VM memory used is high	Minor	Yes	The OMC server checks the used memory of all the VMs periodically. Whenever the used memory exceeds a “high” threshold (configurable on the NST),the alarm is raised. The alarm is automatically closed, when the used memory falls below the threshold.
VM memory used is too high	Major	Yes	The OMC server checks the used memory of all the VMs periodically. Whenever the used memory exceeds a “too high” threshold configurable on the NST, the alarm is raised. The alarm is automatically closed, when the used memory falls below the threshold.
VM disk space low	Minor	Yes	The OMC server checks the remaining disk space of all the VMs periodically. Whenever the remaining disk space falls below a “low” threshold configurable on the NST, the alarm is raised. The alarm is automatically closed when the remaining disk space exceeds the threshold.
VM disk space too low	Major	Yes	The OMC server checks the remaining disk space of all the VMs periodically. Whenever the remaining disk space falls below a “too low” threshold configurable on the NST, the alarm is raised. The alarm is automatically closed when the remaining disk space exceeds the threshold.
NetServer errorlog	Minor	No	Whenever an unexpected event happens on a server, this event is traced in an errorlog file. In order to be notified of the event, an alarm is raised when the file grows in size. This alarm needs to be manually closed.
Number of PostGreSQL connection high	Minor	Yes	Whenever the number of connections to the PostGreSQL database exceeds a threshold that can be set on the NST (refer to section 9.4), an alarm is raised. The alarm is automatically cleared whenever the number of connections to the database falls below the threshold.
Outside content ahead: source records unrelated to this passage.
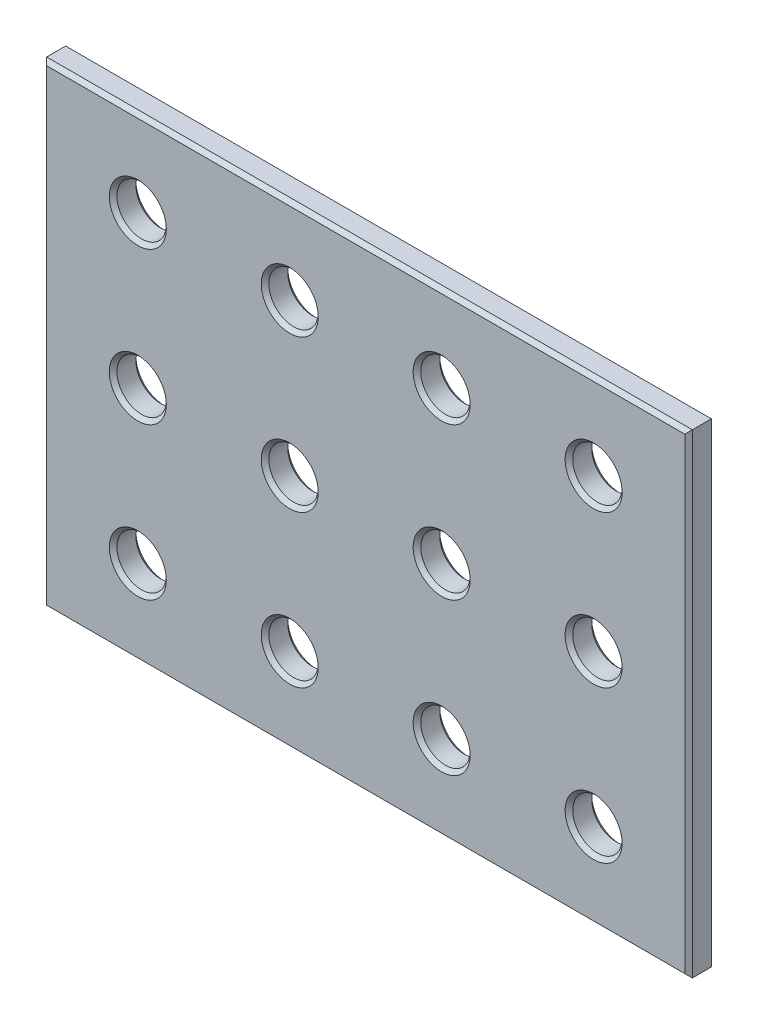
from build123d import *

# Parameters (mm, degrees)
SKETCH_1_W        = 340
SKETCH_1_H        = 250
SKETCH_1_R        = 13
EXTRUDE_448_DEPTH = 14
CHAMFER_1_SIZE    = 2


with BuildPart() as part:
    # 草图1 → Extrude 448 (new body)
    with BuildSketch(Plane.XY):
        Rectangle(SKETCH_1_W, SKETCH_1_H)
        with Locations((-120, 80)):
            Circle(SKETCH_1_R, mode=Mode.SUBTRACT)
        with Locations((-40, 80)):
            Circle(SKETCH_1_R, mode=Mode.SUBTRACT)
        with Locations((-40, 0)):
            Circle(SKETCH_1_R, mode=Mode.SUBTRACT)
        with Locations((-120, 0)):
            Circle(SKETCH_1_R, mode=Mode.SUBTRACT)
        with Locations(Location((-40, -80, 0), (0, 0, 180))):
            Circle(SKETCH_1_R, mode=Mode.SUBTRACT)
        with Locations(Location((-120, -80, 0), (0, 0, 180))):
            Circle(SKETCH_1_R, mode=Mode.SUBTRACT)
        with Locations((120, -80)):
            Circle(SKETCH_1_R, mode=Mode.SUBTRACT)
        with Locations((40, -80)):
            Circle(SKETCH_1_R, mode=Mode.SUBTRACT)
        with Locations(Location((120, 0, 0), (0, 0, 180))):
            Circle(SKETCH_1_R, mode=Mode.SUBTRACT)
        with Locations(Location((40, 0, 0), (0, 0, 180))):
            Circle(SKETCH_1_R, mode=Mode.SUBTRACT)
        with Locations(Location((40, 80, 0), (0, 0, 180))):
            Circle(SKETCH_1_R, mode=Mode.SUBTRACT)
        with Locations(Location((120, 80, 0), (0, 0, 180))):
            Circle(SKETCH_1_R, mode=Mode.SUBTRACT)
    extrude(amount=EXTRUDE_448_DEPTH)

    # 倒角1
    chamfer_1_edges = [part.edges().sort_by_distance(p)[0] for p in [
        (170, 0, 14),
        (-133, 80, 0),
        (-133, 80, 14),
        (0, 125, 14),
        (-53, 80, 0),
        (-53, 80, 14),
        (-53, 0, 0),
        (-53, 0, 14),
        (-133, 0, 0),
        (-133, 0, 14),
        (-27, -80, 0),
        (-27, -80, 14),
        (-107, -80, 0),
        (-107, -80, 14),
        (107, -80, 0),
        (107, -80, 14),
        (27, -80, 0),
        (27, -80, 14),
        (-170, 0, 14),
        (133, 0, 0),
        (133, 0, 14),
        (0, 125, 0),
        (53, 0, 0),
        (53, 0, 14),
        (170, 0, 0),
        (53, 80, 0),
        (53, 80, 14),
        (0, -125, 0),
        (133, 80, 0),
        (133, 80, 14),
        (-170, 0, 0),
        (0, -125, 14),
    ]]
    chamfer(chamfer_1_edges, length=CHAMFER_1_SIZE)


solid = part.part

NetServer max number of UL threads reached. Server restarted.	Major	No	This alarm is raised whenever the number of UL threads in the network server is growing abnormally. The network server in this case will restart automatically. The alarm is not closed automatically at it is likely logs needs to be checked to understand the reason for the high number of threads.
NetServer max number of DL threads reached. Server restarted	Major	No	This alarm is raised whenever the number of DL threads in the network server is growing abnormally. The network server in this case will restart automatically. The alarm is not closed automatically as it is likely logs need to be checked to understand the reason for the high number of threads.
Server was unreachable by OMC and has been successfully restarted	Major	No	Whenever the network server or the DASS server is not answering to the periodic check performed by the OMC server during a pre-defined period of time, the OMC server will try to restart the failing server. In case of a successful restart of the server, the alarm is raised. If not, the alarm is not raised but the “Server unreachable by OMC server” alarm will be raised. This alarm needs to be cleared manually.
No Cassandra host available reported by network server	Major	Yes	Whenever the Network Server is unable to reach any Cassandra database nodes, it will raise this alarm. The alarm is closed automatically whenever the Cassandra nodes become available again.